事情已经闹到这种地步,若皇帝还是要一意孤行,后果不堪设想。在这种四处受敌,步履维艰的时候,这位皇帝还能有闲情逸致来找一个同样闲得发慌的人下棋,实在——让郑容贞另眼相待。
若说从前的皇帝让他留下不好的印象,现在的皇帝倒是令他颇为欣赏,处惊不变,行事果断,又学识渊博。假若他不是皇帝,郑容贞会很期盼能交上这样一位朋友。
重新摆好棋子,准备开盘时,烨华倏尔说道:「在下想请教先生一事。」
「何事?」郑容贞执棋看他。
「方才那一局,先生可有解决之道?」
郑容贞不由一笑:「若有,郑某不会认输。」
「果然,遇上死局就无法可解了……」烨华若有所思。
「那可不一定。」郑容贞在棋盘上落下一子,「棋盘是死的,人是活的,棋盘之上,死局无法可解,但人生不是棋局,只要还有一口气在,就有反败为胜的模会。」
烨华一脸恍然,笑着落子:「先生之言如醍醐灌顶,在下受益匪浅!」
在郑容贞落子之前,烨华又道:「在下需要先生的一臂之力。」
「哦?」郑容贞不置可否地思索哪处落子为好。
「朕想请先生入朝为官。」
终于要开口了吗?郑容贞笑了笑,把棋子放回原处。
「先生的学识过人,不应如此继续淹没,若先生同意入朝为官为朕致力,不管先生有何要求,只要不损害国家的利益,朕都愿意照办。」
郑容贞久久不语,执起一子前后翻转,烨华也不言,目光灼灼地看他。
「你当宋平安是什么?」
他的突然之语让烨华稍愕,但很快回过神来,直视他认真坚定地道:「他是朕最重视的人。」
「他现在在何处?」
「在宫中静养。」
郑容贞看他的眼睛良久,才淡淡道:「在回答你之前,能否让我见见他?」
宋平安年轻,身体又壮实,经过十多天的休养,不但能够下地走路,还能稍微干些重活了。他向来是个闲不住的人,躺在床上没过几天就憋得难受,身体才好一些,就拒绝所有人的帮助,穿衣擦身都非要自己来,若不是自己换药实在不便,他肯定也会拒绝医士的帮忙。
此刻宋平安正乖乖坐在凳子上,让每日都要前来一趟给他换药敷药的医士包扎伤口。
他身上的许多伤口都已经结疤,只是一些比较深的伤口还需要包扎治疗。老实憨厚的宋平安让同样也是二十来岁的年轻医士颇有好感,在为他包扎的过程中时不时和他说几句话。
知道大夫的本职便是救死扶伤,因此宋平安向来对懂得药理的人敬重万分,所以即使这位医士比他还年轻几岁,他在回话时还是句句透着敬重。

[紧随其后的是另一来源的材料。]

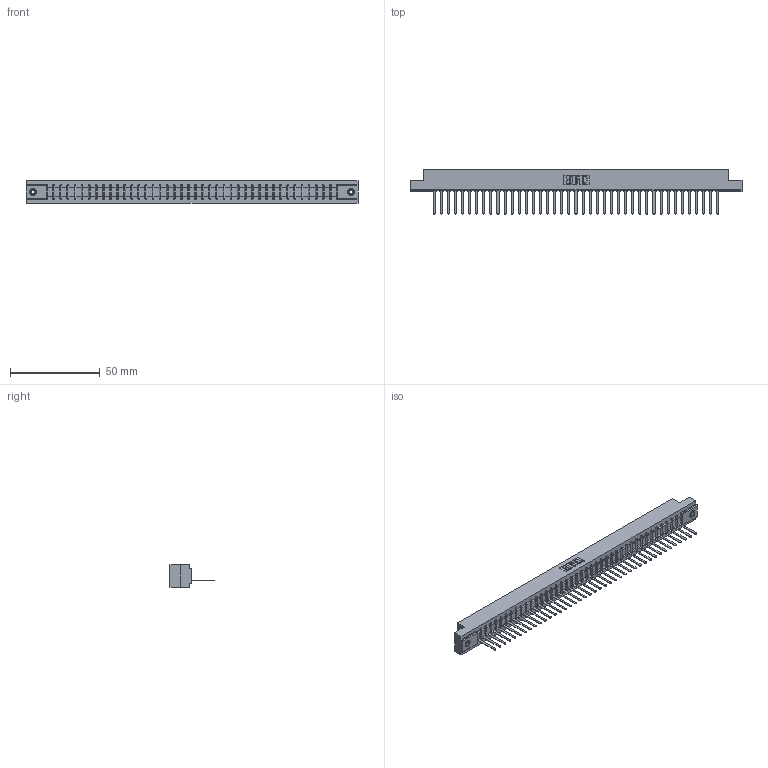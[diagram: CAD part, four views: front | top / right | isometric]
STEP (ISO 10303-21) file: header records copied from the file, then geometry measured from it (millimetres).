
FILE_DESCRIPTION (( 'STEP AP203' ), '1' );
FILE_NAME ('307-041-441-108.STEP', '2020-09-29T15:58:38', ( '' ), ( '' ), 'SwSTEP 2.0', 'SolidWorks 2020', '' );
FILE_SCHEMA (( 'CONFIG_CONTROL_DESIGN' ));
Length unit declared in the file: inch
Products named in the file (4): 307-290-002_541; 307-041-441-108; 307 Part_.156 Dia Mounting Holes; 345-250-001_345-250-003-102
Assembly tree (44 placements, depth 2):
  307-041-441-108
    307 Part_.156 Dia Mounting Holes
    307-290-002_541  x41
    345-250-001_345-250-003-102  x2
Bounding box: 185.47 x 24.59 x 12.7 mm (x, y, z)
Volume: 19949.5 mm3; surface area: 25825.9 mm2
Topology: 44 solids, 44 shells, 3254 faces, 9971 edges, 6526 vertices
Faces by surface type: plane 1947, cylinder 1207, sphere 84, cone 12, torus 4
Entity records: 37175 total; most frequent: CARTESIAN_POINT 6251, ORIENTED_EDGE 6234, DIRECTION 6083, EDGE_CURVE 3117, VECTOR 2387, LINE 2387, VERTEX_POINT 2016, AXIS2_PLACEMENT_3D 1848

就这么一搭一和问,宋平安身上的伤口全被包扎完毕,医士收拾一下东西逐一放进药箱,问他药还剩下多少,并再仔细吩咐一些注意事项后背起药箱走了。
宋平安恭敬地送他出门,可待转身回屋时,眼角瞥见一人往这边走来,便站定往那边仔细一看,在那人走近时,不由目瞪口呆。
「郑、郑兄?」
「平安。」
郑容贞微微一笑,也不等他回神,抬脚就进屋。